Problem statement - Pull each line holding "ohms" out of the entries below.
----- Data for the task
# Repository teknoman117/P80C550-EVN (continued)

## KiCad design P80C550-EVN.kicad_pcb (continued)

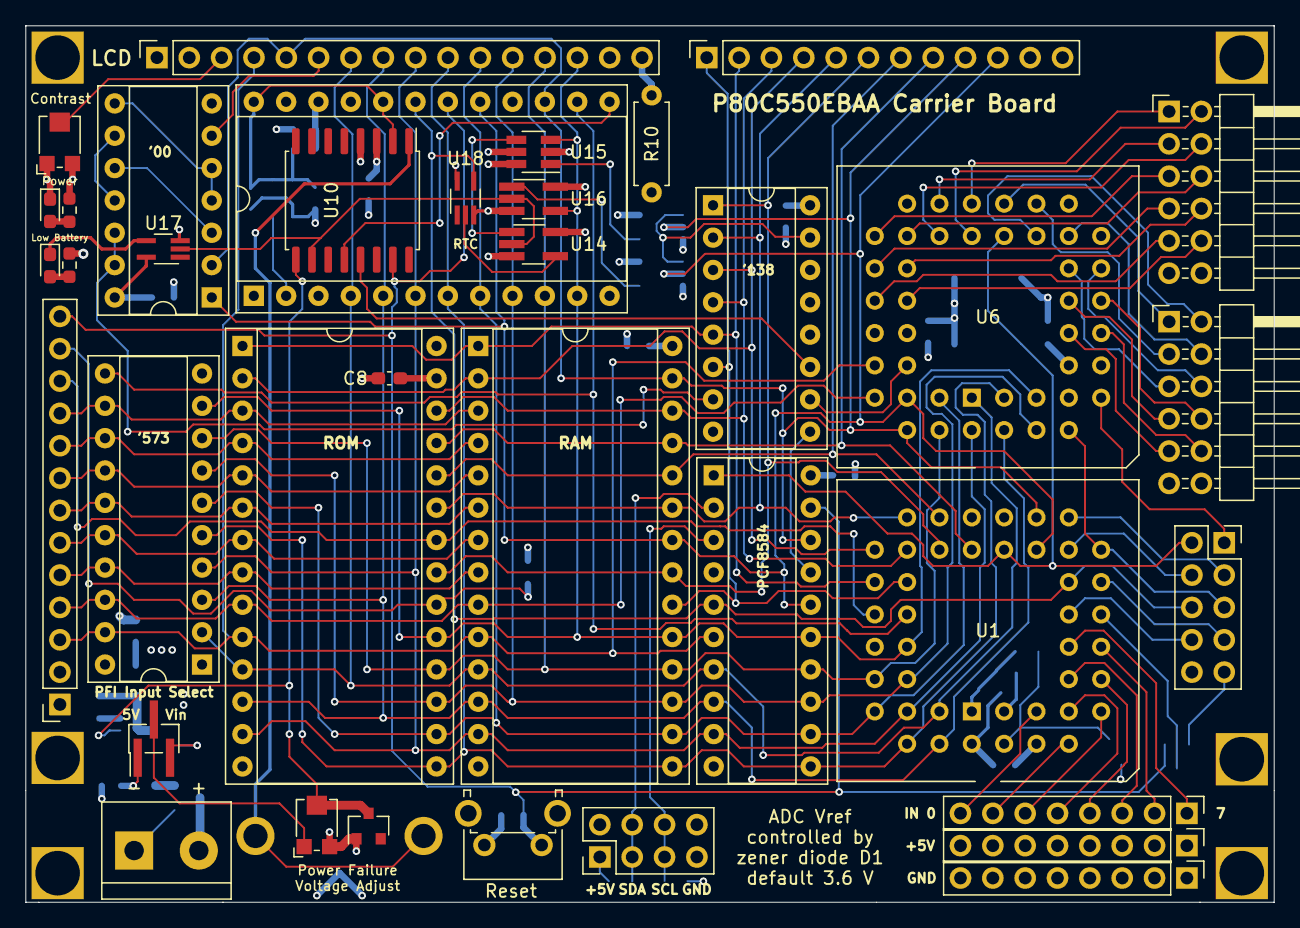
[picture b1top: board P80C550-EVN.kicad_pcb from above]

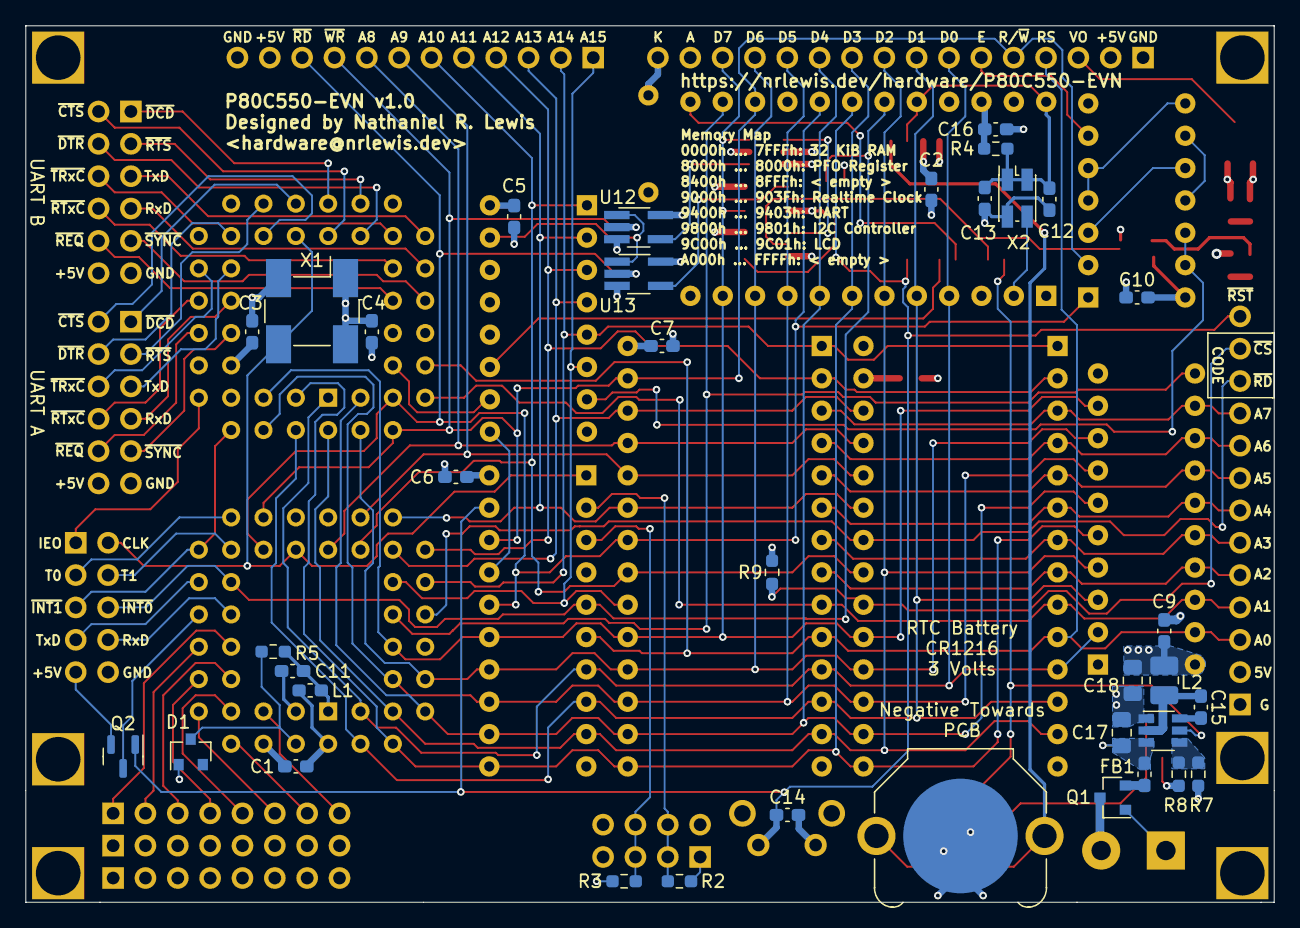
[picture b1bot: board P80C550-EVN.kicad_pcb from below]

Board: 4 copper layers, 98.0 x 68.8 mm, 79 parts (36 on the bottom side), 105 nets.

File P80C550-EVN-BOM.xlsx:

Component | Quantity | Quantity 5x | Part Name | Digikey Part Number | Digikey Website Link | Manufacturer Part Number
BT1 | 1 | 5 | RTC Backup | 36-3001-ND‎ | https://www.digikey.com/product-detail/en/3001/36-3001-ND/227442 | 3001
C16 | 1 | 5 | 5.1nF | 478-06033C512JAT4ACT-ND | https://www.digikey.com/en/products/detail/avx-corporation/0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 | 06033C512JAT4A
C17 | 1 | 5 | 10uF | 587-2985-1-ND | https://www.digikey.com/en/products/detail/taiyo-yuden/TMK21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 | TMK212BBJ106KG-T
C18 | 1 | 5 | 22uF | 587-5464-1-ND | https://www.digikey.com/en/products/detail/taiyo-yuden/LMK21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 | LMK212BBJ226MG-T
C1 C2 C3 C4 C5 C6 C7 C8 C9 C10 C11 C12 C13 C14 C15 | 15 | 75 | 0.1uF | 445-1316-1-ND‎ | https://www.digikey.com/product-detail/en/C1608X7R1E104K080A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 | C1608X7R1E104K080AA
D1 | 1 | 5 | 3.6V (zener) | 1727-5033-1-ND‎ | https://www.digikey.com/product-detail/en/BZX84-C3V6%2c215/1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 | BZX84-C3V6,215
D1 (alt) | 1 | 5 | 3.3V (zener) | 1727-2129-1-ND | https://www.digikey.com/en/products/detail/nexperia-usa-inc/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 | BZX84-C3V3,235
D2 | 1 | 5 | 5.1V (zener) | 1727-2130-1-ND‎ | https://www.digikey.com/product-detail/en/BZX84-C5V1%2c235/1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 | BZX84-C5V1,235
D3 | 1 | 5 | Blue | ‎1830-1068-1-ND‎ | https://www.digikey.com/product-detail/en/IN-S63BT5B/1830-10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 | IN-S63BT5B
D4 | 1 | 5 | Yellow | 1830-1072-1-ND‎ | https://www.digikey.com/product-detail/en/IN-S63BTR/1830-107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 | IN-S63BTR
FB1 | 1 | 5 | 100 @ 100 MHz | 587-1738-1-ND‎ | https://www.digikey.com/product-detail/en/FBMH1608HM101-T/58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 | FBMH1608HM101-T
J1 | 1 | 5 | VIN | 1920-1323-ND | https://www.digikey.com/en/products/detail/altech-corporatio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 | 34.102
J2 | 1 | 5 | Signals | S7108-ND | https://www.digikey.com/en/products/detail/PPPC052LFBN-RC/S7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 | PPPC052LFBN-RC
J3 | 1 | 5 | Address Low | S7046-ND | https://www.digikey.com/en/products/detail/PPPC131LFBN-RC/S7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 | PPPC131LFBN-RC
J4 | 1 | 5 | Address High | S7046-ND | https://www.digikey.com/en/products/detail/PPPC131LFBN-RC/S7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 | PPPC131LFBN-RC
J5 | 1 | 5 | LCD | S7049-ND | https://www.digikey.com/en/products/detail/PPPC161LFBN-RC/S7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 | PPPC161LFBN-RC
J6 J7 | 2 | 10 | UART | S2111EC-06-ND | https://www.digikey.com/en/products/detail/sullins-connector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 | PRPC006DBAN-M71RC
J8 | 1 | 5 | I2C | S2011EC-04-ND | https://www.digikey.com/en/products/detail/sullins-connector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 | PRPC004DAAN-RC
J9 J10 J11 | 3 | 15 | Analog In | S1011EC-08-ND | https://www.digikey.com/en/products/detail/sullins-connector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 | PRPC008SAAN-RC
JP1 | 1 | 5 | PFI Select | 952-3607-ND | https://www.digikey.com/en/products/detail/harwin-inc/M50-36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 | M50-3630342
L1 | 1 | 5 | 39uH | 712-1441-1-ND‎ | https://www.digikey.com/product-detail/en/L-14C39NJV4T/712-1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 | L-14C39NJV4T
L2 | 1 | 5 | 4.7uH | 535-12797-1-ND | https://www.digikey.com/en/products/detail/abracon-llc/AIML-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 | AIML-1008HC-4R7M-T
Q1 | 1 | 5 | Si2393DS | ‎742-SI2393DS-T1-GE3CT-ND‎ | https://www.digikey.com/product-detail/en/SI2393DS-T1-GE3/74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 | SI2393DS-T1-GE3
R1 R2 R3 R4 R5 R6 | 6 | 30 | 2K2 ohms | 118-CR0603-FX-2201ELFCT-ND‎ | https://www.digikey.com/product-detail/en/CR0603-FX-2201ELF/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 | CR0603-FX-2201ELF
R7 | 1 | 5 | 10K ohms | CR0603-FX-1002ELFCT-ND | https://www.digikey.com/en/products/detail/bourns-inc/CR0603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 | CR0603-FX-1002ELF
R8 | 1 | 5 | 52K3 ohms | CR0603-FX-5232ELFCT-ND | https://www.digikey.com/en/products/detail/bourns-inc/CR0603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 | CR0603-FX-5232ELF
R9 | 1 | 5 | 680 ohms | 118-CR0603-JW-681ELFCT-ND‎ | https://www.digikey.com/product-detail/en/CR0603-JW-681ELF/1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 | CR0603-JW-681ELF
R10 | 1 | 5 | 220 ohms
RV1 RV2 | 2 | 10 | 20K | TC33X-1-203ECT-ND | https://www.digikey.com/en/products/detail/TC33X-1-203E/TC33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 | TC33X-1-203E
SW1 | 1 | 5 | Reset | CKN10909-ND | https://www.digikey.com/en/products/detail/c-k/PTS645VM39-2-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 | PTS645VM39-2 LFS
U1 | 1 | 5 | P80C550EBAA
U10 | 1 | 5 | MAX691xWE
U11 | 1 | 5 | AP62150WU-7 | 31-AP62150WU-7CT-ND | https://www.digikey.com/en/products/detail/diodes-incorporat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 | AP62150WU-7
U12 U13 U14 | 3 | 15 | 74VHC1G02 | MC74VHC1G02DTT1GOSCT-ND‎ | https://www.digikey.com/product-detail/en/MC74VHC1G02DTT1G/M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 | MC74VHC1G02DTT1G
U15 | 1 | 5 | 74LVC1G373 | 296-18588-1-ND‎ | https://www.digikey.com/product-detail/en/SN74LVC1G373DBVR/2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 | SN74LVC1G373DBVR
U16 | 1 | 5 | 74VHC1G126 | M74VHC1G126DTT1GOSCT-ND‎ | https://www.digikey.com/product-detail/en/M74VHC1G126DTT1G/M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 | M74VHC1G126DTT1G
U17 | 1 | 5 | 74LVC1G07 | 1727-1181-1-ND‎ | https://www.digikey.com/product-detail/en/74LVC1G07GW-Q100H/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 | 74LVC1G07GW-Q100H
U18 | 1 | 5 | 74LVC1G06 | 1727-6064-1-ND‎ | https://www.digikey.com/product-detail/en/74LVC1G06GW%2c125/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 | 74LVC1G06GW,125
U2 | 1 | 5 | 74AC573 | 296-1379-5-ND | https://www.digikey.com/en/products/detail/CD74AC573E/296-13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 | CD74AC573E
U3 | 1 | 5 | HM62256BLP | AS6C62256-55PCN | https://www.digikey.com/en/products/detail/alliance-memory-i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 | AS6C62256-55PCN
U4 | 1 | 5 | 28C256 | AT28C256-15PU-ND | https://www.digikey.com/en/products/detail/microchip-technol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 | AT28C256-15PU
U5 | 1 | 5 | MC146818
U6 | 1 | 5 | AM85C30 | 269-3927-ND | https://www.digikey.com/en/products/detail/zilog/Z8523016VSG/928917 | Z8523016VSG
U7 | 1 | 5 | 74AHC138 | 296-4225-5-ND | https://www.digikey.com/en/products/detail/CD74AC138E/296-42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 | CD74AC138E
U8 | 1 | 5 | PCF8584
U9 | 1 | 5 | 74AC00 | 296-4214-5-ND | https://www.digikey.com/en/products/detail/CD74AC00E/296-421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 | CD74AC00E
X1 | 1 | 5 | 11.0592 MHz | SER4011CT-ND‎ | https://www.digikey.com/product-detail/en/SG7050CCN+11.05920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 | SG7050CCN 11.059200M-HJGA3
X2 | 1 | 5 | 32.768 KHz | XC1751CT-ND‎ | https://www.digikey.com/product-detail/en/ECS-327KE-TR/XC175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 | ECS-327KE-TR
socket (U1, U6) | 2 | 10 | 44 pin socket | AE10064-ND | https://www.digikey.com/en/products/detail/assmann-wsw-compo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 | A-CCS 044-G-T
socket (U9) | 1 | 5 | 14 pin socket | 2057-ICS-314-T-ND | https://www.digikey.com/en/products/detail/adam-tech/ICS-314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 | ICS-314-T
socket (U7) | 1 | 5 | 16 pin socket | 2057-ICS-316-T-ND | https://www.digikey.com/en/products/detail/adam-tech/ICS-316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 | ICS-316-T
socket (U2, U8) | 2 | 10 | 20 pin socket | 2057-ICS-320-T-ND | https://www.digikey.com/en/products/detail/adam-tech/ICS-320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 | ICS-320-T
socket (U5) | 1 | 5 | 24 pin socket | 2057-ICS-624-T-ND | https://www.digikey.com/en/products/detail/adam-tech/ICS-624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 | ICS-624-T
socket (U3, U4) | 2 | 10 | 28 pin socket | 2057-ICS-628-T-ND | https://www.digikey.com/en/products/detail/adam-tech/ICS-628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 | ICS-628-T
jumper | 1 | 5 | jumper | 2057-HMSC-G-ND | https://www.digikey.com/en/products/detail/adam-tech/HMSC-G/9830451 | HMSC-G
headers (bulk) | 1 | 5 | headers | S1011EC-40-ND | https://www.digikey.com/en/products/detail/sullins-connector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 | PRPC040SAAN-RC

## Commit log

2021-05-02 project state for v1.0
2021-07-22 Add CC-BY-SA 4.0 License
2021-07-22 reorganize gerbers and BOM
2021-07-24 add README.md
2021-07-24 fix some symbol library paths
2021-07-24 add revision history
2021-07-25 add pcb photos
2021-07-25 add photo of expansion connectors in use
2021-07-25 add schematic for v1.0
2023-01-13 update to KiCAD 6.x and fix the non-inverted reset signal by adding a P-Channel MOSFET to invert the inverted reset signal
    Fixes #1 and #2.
----------
Answer area -
R1 R2 R3 R4 R5 R6 | 6 | 30 | 2K2 ohms | 118-CR0603-FX-2201ELFCT-ND‎ | https://www.digikey.com/product-detail/en/CR0603-FX-2201ELF/ | CR0603-FX-2201ELF
R7 | 1 | 5 | 10K ohms | CR0603-FX-1002ELFCT-ND | https://www.digikey.com/en/products/detail/bourns-inc/CR0603 | CR0603-FX-1002ELF
R8 | 1 | 5 | 52K3 ohms | CR0603-FX-5232ELFCT-ND | https://www.digikey.com/en/products/detail/bourns-inc/CR0603 | CR0603-FX-5232ELF
R9 | 1 | 5 | 680 ohms | 118-CR0603-JW-681ELFCT-ND‎ | https://www.digikey.com/product-detail/en/CR0603-JW-681ELF/1 | CR0603-JW-681ELF
R10 | 1 | 5 | 220 ohms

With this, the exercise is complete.